▶ Record set
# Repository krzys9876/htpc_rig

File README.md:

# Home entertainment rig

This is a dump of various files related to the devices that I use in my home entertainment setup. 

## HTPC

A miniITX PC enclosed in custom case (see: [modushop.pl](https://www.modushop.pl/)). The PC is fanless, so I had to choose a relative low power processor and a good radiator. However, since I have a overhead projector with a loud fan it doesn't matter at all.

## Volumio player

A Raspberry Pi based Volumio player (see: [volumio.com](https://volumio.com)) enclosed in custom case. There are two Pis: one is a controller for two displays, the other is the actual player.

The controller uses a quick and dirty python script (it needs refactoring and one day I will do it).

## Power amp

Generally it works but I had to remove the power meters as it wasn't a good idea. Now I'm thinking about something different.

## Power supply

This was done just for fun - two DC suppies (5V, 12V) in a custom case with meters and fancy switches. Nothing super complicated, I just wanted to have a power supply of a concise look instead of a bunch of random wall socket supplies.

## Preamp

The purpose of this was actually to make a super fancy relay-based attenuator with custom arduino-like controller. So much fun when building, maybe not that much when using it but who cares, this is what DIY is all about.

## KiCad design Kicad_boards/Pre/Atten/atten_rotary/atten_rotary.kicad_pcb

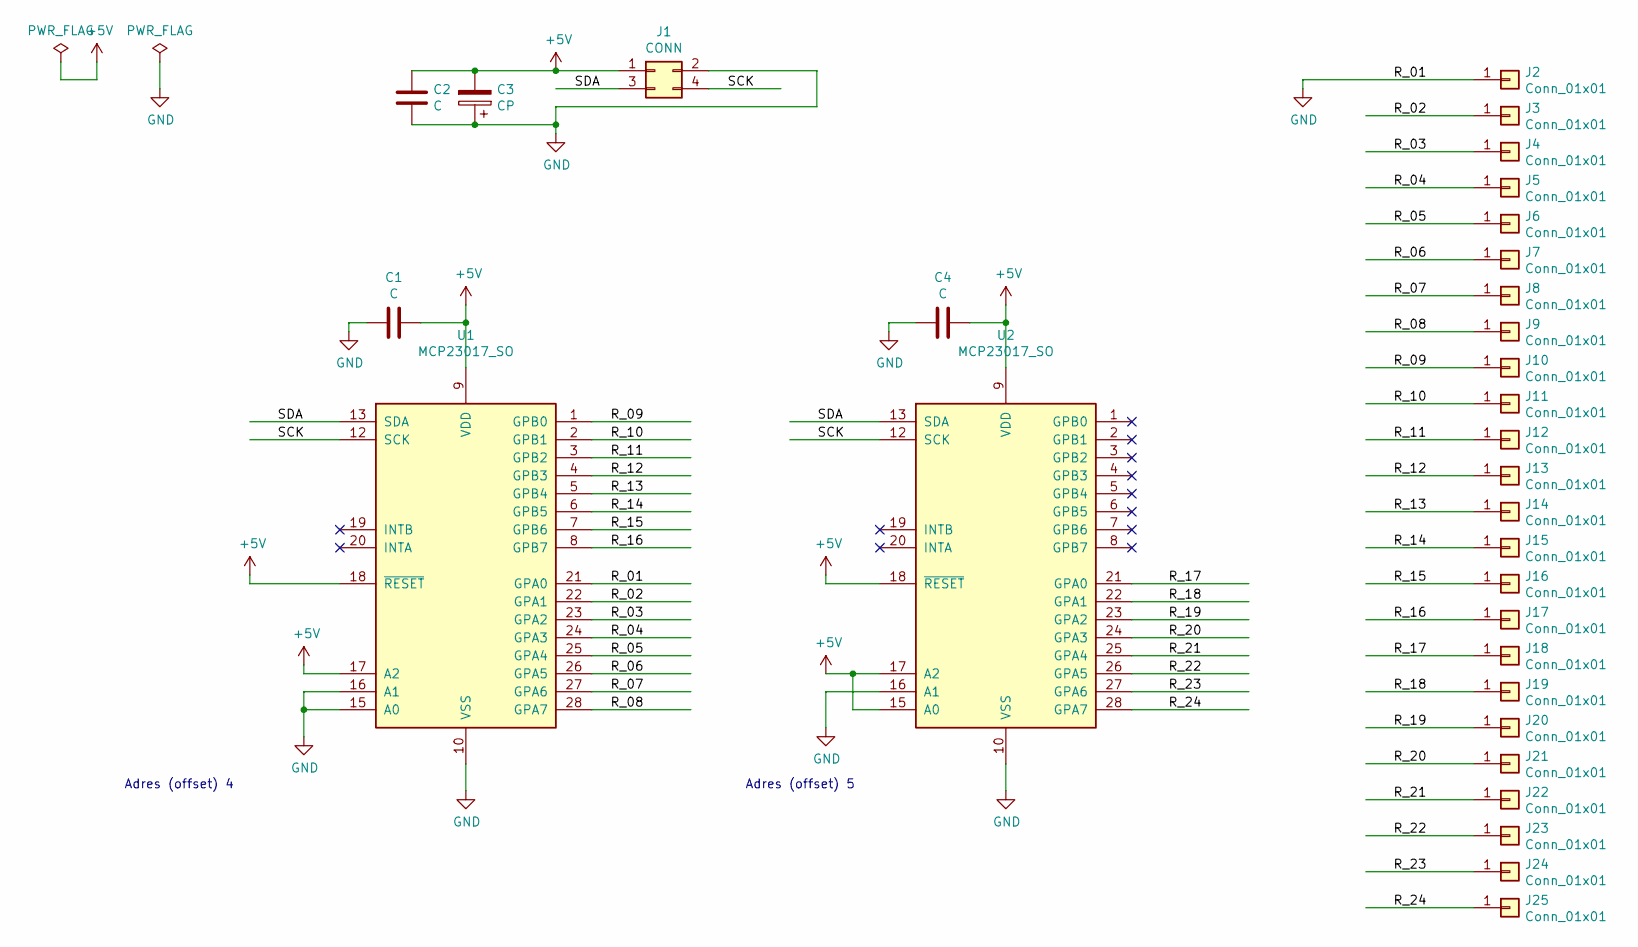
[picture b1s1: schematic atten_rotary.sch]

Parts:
C1, C2, C4: C; C_1206_3216Metric
C3: CP; C_1812_4532Metric
J1: CONN; PinHeader_2x02_P2.54mm_Vertical
J2, J3, J4, J5, J6, J7, J8, J9, J10, J11, J12, J13, J14, J15, J16, J17, J18, J19, J20, J21, J22, J23, J24, J25: Conn_01x01; PinHeader_1x01_P2.54mm_Vertical
U1, U2: MCP23017_SO; SOIC-28W_7.5x17.9mm_P1.27mm

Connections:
+5V: C1.2, C2.1, C3.2, C4.2, J1.1, U1.9 (VDD), U1.17 (A2), U1.18 (~RESET~), U2.9 (VDD), U2.15 (A0), U2.17 (A2), U2.18 (~RESET~)
/R_02: J3.1, U1.22 (GPA1)
/R_03: J4.1, U1.23 (GPA2)
/R_04: J5.1, U1.24 (GPA3)
/R_05: J6.1, U1.25 (GPA4)
/R_06: J7.1, U1.26 (GPA5)
/R_07: J8.1, U1.27 (GPA6)
/R_08: J9.1, U1.28 (GPA7)
/R_09: J10.1, U1.1 (GPB0)
/R_10: J11.1, U1.2 (GPB1)
/R_11: J12.1, U1.3 (GPB2)
/R_12: J13.1, U1.4 (GPB3)
/R_13: J14.1, U1.5 (GPB4)
/R_14: J15.1, U1.6 (GPB5)
/R_15: J16.1, U1.7 (GPB6)
/R_16: J17.1, U1.8 (GPB7)
/R_17: J18.1, U2.21 (GPA0)
/R_18: J19.1, U2.22 (GPA1)
/R_19: J20.1, U2.23 (GPA2)
/R_20: J21.1, U2.24 (GPA3)
/R_21: J22.1, U2.25 (GPA4)
/R_22: J23.1, U2.26 (GPA5)
/R_23: J24.1, U2.27 (GPA6)
/R_24: J25.1, U2.28 (GPA7)
/SCK: J1.4, U1.12 (SCK), U2.12 (SCK)
/SDA: J1.3, U1.13 (SDA), U2.13 (SDA)
GND: C1.1, C2.2, C3.1, C4.1, J1.2, J2.1, U1.10 (VSS), U1.15 (A0), U1.16 (A1), U1.21 (GPA0), U2.10 (VSS), U2.16 (A1); also elsewhere on the board

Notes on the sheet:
Adres (offset) 5
Adres (offset) 4

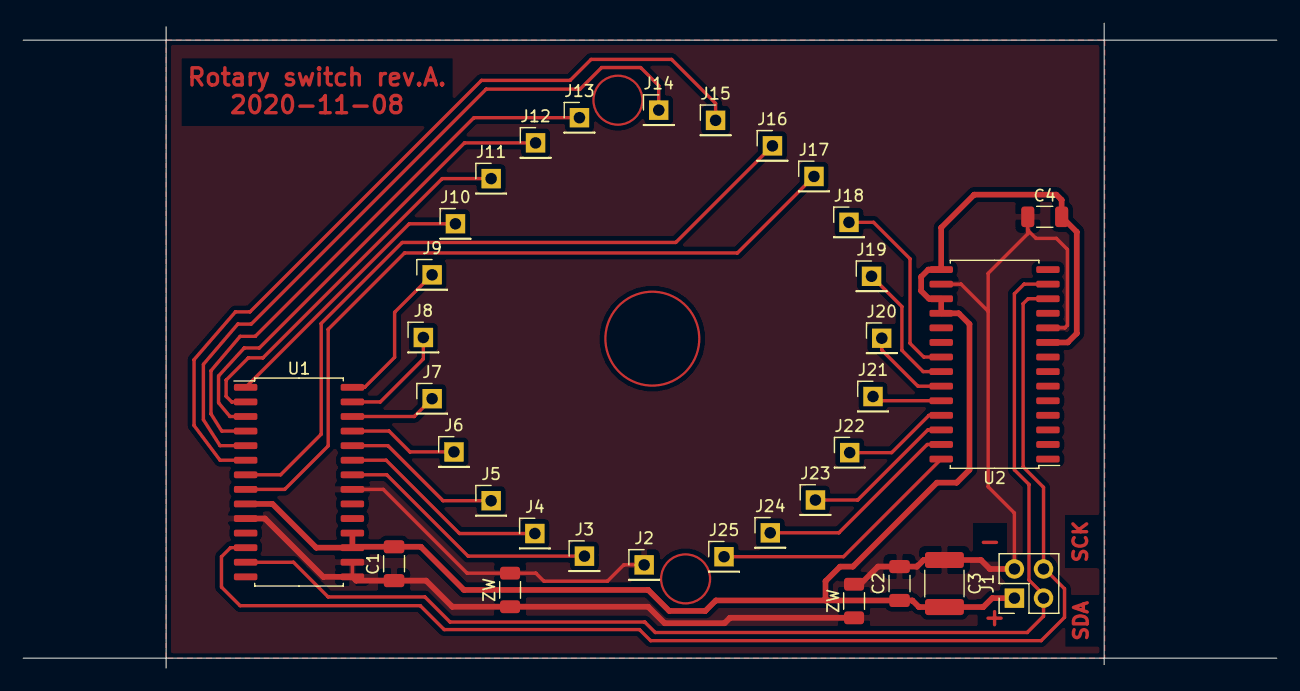
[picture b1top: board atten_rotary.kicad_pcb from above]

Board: 2 copper layers, 109.2 x 56.2 mm, 33 parts (0 on the bottom side), 27 nets.

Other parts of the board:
ZW: R_1206_3216Metric
ZW#2: 0; R_1206_3216Metric

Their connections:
GND: ZW.1, ZW.2, ZW#2.1, ZW#2.2; also elsewhere on the board

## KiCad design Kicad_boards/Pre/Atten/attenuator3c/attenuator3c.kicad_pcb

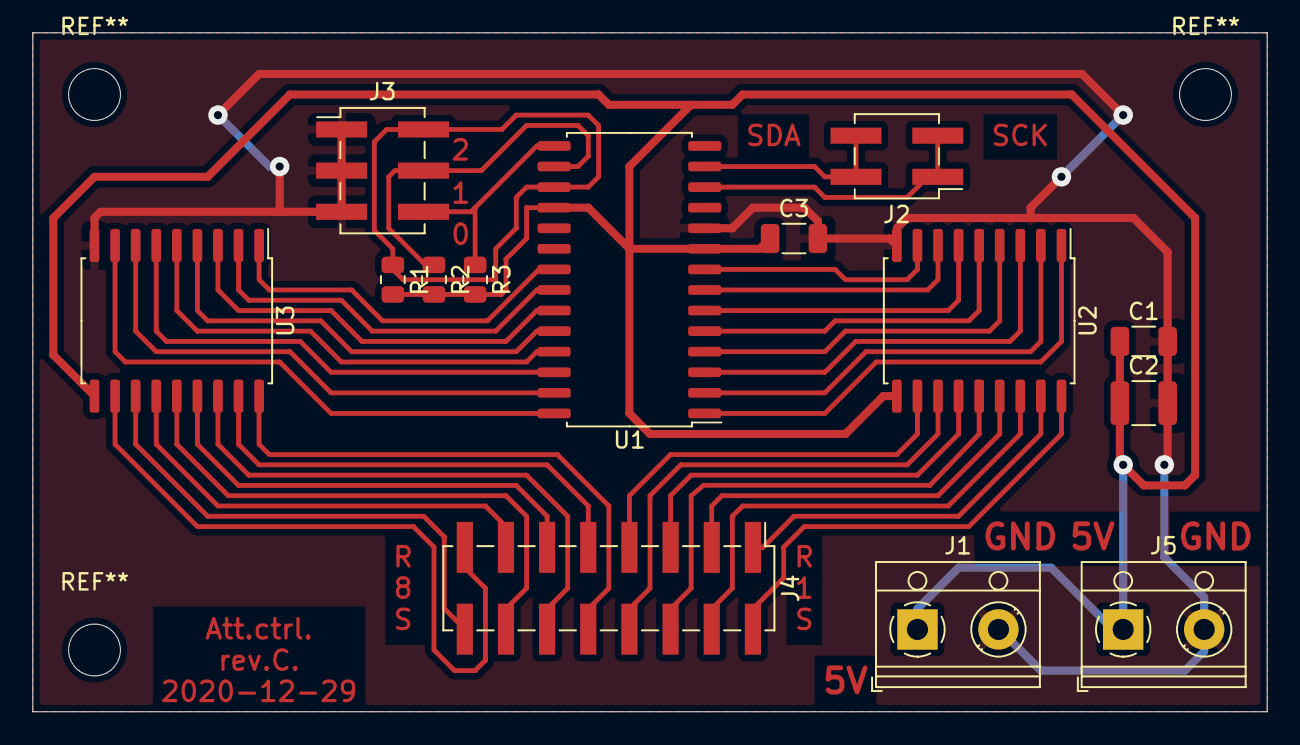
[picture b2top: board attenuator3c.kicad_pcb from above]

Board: 2 copper layers, 76.2 x 41.9 mm, 14 parts (0 on the bottom side), 39 nets.

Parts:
C1, C3: 100n; C_1206_3216Metric
C2: 10u; C_1210_3225Metric
J1: POWER; TerminalBlock_RND_205-00012_1x02_P5.00mm_Horizontal
J2: I2C; PinHeader_2x02_P2.54mm_Vertical_SMD
J3: Conn_Addr; PinHeader_2x03_P2.54mm_Vertical_SMD
J4: RELAY; PinHeader_2x08_P2.54mm_Vertical_SMD
J5: POWER2; TerminalBlock_RND_205-00012_1x02_P5.00mm_Horizontal
R1, R2, R3: R; R_0805_2012Metric
U1: MCP23017_SO; SOIC-28W_7.5x17.9mm_P1.27mm
U2, U3: ULN2803A; SOIC-18W_7.5x11.6mm_P1.27mm

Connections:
+5V: C1.1, C2.1, C3.1, J1.1, J5.1, R1.2, R2.2, R3.2, U1.9, U1.18, U2.10, U3.10
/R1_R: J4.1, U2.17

▶ Work order
From the records above, extract exactly and only the lines that begin at the line with "[picture b2top: board" and stop after the line with "Board: 2 copper layers, 76.2".

▶ Reply to the exercise
[picture b2top: board attenuator3c.kicad_pcb from above]

Board: 2 copper layers, 76.2 x 41.9 mm, 14 parts (0 on the bottom side), 39 nets.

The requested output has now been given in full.